Take every line from the listing below that contains "region".

━━━━━━━━━━

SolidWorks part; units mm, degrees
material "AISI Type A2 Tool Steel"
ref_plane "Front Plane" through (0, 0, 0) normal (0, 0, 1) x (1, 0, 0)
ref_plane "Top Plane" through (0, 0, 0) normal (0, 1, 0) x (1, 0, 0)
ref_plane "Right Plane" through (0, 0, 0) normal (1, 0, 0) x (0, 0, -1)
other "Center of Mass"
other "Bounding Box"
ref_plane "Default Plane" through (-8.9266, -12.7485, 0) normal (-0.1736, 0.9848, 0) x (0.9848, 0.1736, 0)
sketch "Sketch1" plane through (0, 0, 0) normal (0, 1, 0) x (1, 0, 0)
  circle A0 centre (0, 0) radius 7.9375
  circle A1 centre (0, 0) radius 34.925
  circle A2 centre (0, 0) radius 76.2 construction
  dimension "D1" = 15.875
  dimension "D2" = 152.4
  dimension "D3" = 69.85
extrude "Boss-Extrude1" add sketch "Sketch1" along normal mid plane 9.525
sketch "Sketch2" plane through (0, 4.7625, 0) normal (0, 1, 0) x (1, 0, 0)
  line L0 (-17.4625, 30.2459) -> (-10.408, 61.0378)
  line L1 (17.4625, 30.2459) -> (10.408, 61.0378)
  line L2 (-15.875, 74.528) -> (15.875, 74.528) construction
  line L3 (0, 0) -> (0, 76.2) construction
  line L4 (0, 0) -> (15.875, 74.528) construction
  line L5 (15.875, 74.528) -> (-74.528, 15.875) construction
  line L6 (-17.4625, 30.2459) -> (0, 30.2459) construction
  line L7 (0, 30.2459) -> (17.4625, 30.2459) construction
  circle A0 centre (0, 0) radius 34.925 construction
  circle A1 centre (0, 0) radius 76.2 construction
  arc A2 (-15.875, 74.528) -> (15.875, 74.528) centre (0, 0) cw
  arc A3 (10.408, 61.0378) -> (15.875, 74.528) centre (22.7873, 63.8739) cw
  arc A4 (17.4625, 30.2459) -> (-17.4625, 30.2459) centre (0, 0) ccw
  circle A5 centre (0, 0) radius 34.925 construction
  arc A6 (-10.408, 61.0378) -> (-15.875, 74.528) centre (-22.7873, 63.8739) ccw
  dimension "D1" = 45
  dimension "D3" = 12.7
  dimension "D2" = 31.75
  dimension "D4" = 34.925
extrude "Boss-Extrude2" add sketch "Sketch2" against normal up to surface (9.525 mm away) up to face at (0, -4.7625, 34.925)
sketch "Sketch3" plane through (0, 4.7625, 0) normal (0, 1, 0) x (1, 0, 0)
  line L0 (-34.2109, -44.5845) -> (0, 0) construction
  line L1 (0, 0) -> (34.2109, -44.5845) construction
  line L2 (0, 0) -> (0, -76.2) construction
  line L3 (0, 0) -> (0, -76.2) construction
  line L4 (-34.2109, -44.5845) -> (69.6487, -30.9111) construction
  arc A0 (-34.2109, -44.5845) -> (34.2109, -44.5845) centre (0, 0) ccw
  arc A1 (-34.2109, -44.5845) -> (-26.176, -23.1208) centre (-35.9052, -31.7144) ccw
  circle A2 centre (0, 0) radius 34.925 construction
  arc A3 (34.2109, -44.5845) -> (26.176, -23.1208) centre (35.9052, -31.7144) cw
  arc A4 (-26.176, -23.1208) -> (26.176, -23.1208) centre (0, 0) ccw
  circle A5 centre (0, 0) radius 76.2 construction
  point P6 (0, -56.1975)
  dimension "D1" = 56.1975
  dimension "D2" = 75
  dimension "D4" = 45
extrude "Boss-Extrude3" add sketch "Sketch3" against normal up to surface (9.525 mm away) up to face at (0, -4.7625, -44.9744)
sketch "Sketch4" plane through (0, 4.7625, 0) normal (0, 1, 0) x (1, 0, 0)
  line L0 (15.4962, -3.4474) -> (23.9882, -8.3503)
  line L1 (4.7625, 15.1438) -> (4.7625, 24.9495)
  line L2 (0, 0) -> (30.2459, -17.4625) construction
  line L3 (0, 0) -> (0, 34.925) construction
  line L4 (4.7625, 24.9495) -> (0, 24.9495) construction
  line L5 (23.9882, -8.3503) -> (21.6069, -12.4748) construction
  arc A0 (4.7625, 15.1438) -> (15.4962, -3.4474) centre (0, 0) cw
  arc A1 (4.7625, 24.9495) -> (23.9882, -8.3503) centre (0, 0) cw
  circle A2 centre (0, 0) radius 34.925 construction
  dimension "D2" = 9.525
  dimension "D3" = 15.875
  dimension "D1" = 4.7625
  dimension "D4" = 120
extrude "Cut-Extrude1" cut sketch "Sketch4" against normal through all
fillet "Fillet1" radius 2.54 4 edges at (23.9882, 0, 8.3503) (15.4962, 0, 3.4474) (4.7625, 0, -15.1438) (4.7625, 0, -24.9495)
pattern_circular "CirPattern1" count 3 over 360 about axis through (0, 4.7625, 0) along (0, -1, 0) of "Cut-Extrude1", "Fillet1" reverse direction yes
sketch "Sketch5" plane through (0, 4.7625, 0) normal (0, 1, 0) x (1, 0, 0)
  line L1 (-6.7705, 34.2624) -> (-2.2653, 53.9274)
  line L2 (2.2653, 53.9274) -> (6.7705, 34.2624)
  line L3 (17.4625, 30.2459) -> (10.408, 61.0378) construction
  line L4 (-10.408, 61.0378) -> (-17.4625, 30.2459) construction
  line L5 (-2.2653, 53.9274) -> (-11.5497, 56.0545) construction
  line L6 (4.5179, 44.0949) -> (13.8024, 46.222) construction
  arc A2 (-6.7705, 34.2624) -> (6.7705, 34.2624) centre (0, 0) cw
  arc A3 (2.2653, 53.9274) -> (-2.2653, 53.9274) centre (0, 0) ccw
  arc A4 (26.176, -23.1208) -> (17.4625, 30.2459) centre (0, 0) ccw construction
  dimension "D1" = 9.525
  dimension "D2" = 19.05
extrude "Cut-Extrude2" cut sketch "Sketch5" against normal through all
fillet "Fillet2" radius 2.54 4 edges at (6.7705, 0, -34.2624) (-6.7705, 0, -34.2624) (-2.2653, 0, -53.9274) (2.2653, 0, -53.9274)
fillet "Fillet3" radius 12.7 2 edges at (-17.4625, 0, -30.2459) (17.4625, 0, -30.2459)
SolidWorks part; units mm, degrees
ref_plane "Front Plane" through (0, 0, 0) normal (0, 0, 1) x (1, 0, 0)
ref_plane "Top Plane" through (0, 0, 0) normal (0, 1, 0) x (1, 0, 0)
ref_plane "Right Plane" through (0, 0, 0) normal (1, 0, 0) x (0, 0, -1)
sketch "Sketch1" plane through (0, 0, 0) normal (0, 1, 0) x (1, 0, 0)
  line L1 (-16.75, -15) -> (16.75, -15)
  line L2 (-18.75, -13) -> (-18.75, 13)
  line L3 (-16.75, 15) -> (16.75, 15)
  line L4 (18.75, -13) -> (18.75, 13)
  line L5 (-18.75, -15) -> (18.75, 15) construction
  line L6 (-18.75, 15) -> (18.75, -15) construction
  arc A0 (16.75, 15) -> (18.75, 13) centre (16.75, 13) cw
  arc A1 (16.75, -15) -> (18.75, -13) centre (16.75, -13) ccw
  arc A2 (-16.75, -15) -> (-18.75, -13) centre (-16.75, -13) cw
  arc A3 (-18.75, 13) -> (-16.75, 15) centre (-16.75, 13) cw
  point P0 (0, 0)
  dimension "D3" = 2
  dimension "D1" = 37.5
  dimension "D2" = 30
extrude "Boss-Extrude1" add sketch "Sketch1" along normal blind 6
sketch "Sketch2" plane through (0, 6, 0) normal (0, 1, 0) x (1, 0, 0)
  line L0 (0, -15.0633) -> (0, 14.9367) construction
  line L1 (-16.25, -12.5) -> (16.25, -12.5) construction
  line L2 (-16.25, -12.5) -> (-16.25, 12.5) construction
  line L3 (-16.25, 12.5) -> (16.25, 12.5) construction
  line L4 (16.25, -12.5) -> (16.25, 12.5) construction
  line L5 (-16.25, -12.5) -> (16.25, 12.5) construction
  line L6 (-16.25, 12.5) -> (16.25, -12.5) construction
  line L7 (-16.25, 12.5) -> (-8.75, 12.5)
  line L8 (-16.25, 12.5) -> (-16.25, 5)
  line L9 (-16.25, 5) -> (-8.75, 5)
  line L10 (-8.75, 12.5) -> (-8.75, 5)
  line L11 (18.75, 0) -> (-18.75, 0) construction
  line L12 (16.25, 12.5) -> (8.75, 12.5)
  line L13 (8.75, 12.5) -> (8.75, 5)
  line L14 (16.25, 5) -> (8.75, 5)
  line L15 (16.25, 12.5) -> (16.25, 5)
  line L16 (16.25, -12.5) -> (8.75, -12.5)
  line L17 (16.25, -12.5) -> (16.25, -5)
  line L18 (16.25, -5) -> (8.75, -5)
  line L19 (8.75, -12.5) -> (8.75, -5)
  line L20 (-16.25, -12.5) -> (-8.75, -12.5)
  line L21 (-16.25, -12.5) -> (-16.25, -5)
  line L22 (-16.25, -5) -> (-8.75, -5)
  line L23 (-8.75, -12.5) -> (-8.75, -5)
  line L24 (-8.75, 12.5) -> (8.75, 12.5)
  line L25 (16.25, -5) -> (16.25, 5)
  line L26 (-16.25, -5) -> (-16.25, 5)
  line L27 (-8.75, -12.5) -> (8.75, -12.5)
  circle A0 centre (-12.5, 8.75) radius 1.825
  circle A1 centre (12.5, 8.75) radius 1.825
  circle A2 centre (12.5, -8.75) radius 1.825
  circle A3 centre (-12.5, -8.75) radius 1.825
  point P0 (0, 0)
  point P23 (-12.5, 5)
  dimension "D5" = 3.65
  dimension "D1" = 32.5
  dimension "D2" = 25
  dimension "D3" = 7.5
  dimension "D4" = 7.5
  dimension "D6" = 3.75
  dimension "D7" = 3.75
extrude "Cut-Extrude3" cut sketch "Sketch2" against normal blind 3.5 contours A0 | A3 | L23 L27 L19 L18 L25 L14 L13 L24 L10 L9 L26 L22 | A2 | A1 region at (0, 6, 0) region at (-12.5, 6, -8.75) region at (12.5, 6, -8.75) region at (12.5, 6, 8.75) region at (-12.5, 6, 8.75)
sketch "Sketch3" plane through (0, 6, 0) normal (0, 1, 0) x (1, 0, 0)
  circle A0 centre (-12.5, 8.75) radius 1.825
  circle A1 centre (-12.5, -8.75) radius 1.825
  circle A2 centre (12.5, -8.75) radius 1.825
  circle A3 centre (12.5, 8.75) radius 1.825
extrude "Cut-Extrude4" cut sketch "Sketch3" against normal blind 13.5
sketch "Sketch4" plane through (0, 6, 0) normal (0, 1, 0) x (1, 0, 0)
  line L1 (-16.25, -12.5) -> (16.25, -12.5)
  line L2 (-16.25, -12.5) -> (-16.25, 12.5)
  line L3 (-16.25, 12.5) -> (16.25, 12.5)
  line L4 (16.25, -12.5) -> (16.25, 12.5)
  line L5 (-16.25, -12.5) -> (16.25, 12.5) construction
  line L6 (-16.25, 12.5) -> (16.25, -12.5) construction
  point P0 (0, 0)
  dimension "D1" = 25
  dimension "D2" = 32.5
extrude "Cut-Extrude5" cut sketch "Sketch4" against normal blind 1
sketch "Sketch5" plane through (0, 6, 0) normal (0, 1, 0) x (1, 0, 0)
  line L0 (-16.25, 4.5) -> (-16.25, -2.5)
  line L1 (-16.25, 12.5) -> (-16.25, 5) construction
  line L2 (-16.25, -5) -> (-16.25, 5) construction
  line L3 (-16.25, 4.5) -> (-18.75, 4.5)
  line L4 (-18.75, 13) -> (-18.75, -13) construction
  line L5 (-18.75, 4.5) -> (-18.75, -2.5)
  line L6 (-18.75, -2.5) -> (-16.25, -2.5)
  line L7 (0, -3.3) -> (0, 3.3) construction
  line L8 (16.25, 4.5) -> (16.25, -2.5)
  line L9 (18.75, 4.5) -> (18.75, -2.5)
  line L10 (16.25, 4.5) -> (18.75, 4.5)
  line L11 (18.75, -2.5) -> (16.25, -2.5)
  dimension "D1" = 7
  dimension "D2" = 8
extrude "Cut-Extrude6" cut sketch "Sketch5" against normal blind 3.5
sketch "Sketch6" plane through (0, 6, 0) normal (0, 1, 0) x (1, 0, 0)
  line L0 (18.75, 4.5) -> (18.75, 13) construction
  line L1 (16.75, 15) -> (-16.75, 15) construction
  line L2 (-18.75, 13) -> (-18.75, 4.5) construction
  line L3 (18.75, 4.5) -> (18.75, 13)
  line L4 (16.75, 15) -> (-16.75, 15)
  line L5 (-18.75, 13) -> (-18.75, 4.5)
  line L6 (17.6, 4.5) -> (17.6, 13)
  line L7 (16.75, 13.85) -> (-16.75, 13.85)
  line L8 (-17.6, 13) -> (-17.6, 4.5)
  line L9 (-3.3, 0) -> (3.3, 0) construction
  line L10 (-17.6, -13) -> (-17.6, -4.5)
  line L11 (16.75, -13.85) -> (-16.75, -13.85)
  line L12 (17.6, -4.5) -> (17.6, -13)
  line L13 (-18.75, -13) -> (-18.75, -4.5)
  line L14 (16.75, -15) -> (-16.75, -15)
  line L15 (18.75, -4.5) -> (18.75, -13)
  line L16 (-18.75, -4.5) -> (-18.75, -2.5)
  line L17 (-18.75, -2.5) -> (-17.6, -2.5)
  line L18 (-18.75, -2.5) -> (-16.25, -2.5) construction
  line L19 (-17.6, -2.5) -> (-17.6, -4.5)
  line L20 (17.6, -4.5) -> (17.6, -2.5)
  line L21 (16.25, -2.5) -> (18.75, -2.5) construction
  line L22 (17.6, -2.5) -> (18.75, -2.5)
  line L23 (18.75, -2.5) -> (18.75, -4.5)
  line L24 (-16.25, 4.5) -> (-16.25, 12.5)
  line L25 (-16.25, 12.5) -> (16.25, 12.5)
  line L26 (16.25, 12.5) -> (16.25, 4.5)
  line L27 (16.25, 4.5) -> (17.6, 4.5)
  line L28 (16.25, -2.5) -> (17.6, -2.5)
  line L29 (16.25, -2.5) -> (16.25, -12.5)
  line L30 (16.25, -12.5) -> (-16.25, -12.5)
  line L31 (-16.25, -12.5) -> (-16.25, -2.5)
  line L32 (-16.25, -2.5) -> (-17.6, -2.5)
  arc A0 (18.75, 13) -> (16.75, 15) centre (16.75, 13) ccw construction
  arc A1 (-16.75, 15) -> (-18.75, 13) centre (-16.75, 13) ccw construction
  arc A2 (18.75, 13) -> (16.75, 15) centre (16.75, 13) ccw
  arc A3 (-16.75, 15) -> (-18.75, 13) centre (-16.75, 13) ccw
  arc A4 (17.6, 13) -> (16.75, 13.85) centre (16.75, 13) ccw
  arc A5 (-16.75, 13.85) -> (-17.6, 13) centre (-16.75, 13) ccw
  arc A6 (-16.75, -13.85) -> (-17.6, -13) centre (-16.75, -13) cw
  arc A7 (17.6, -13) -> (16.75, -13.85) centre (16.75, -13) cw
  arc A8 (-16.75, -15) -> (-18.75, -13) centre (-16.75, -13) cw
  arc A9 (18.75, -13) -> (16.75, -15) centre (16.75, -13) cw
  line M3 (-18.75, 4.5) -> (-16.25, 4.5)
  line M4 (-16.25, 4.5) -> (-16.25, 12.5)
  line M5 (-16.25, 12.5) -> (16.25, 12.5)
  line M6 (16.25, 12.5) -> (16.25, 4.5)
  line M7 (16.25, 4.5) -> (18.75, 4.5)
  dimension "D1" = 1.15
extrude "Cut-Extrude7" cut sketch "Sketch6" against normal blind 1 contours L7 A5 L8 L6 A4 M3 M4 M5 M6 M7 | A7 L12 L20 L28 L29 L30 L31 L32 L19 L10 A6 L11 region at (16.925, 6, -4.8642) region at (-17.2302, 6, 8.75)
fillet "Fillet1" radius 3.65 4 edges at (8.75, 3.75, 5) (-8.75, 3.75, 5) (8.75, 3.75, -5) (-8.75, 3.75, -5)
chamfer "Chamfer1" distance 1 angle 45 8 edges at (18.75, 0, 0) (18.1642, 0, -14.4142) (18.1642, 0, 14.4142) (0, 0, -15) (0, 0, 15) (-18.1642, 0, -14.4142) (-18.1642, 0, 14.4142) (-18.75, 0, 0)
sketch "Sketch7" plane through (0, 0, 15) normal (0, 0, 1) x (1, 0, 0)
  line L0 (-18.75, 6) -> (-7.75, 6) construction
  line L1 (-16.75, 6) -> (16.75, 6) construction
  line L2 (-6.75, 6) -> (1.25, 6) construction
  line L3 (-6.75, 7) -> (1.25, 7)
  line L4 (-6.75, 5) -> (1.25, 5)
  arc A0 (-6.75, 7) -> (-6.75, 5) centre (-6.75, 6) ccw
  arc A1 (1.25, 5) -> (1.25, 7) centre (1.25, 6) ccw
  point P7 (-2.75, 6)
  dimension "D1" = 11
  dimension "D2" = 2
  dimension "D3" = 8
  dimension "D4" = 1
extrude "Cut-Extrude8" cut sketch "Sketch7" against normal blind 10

━━━━━━━━━━

**Answer to the exercise**
extrude "Cut-Extrude3" cut sketch "Sketch2" against normal blind 3.5 contours A0 | A3 | L23 L27 L19 L18 L25 L14 L13 L24 L10 L9 L26 L22 | A2 | A1 region at (0, 6, 0) region at (-12.5, 6, -8.75) region at (12.5, 6, -8.75) region at (12.5, 6, 8.75) region at (-12.5, 6, 8.75)
extrude "Cut-Extrude7" cut sketch "Sketch6" against normal blind 1 contours L7 A5 L8 L6 A4 M3 M4 M5 M6 M7 | A7 L12 L20 L28 L29 L30 L31 L32 L19 L10 A6 L11 region at (16.925, 6, -4.8642) region at (-17.2302, 6, 8.75)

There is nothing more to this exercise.